• **DATASET EXTRACT**

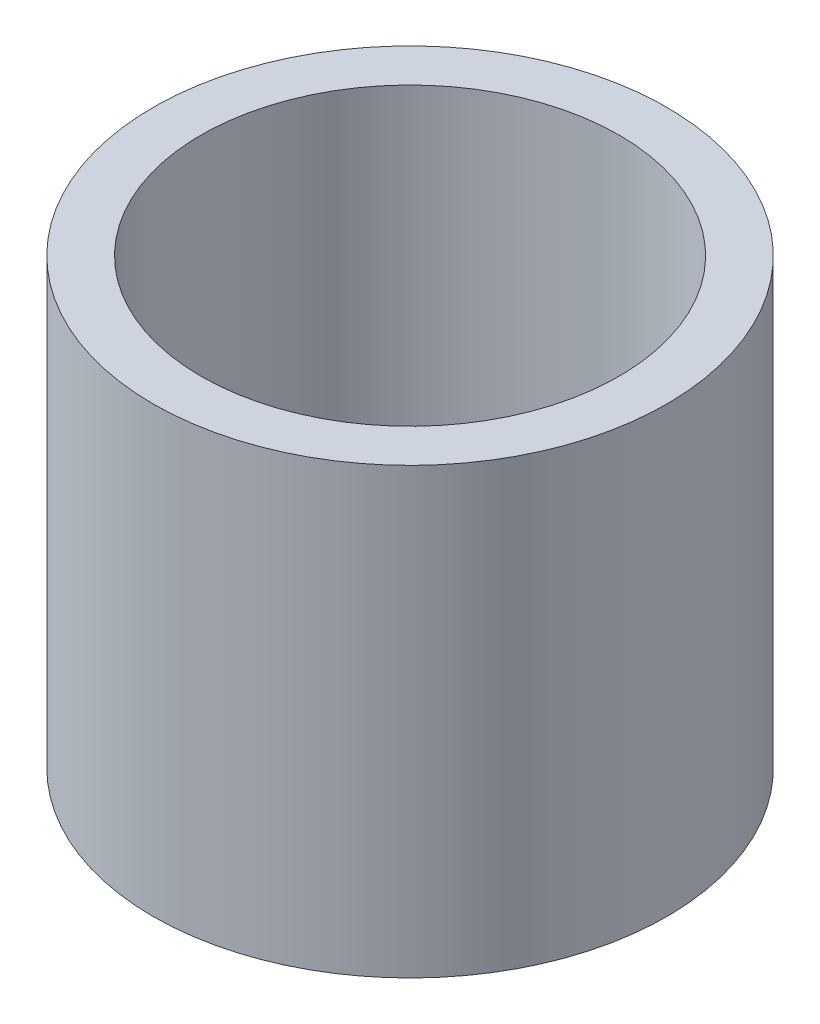
from build123d import *

# Parameters (mm, degrees)
SKETCH1_R           = 20
BOSS_EXTRUDE1_DEPTH = 34.565214937
SKETCH2_R           = 16.273210482
CUT_EXTRUDE1_DEPTH  = 45.662669912


with BuildPart() as part:
    # Sketch1 → Boss-Extrude1 (new body)
    with BuildSketch(Plane(origin=(0, 0, 0), x_dir=(1, 0, 0), z_dir=(0, 1, 0))):
        Circle(SKETCH1_R)
    extrude(amount=BOSS_EXTRUDE1_DEPTH)

    # Sketch2 → Cut-Extrude1 (cut, through all)
    with BuildSketch(Plane(origin=(0, 0, 0), x_dir=(1, 0, 0), z_dir=(0, 1, 0))):
        Circle(SKETCH2_R)
    extrude(amount=CUT_EXTRUDE1_DEPTH, mode=Mode.SUBTRACT)


solid = part.part

• **DESCRIPTION OF THE TASK**
Please restate the whole listing exactly, without any of its pictures.

• **ANSWER AREA**
from build123d import *

# Parameters (mm, degrees)
SKETCH1_R           = 20
BOSS_EXTRUDE1_DEPTH = 34.565214937
SKETCH2_R           = 16.273210482
CUT_EXTRUDE1_DEPTH  = 45.662669912


with BuildPart() as part:
    # Sketch1 → Boss-Extrude1 (new body)
    with BuildSketch(Plane(origin=(0, 0, 0), x_dir=(1, 0, 0), z_dir=(0, 1, 0))):
        Circle(SKETCH1_R)
    extrude(amount=BOSS_EXTRUDE1_DEPTH)

    # Sketch2 → Cut-Extrude1 (cut, through all)
    with BuildSketch(Plane(origin=(0, 0, 0), x_dir=(1, 0, 0), z_dir=(0, 1, 0))):
        Circle(SKETCH2_R)
    extrude(amount=CUT_EXTRUDE1_DEPTH, mode=Mode.SUBTRACT)


solid = part.part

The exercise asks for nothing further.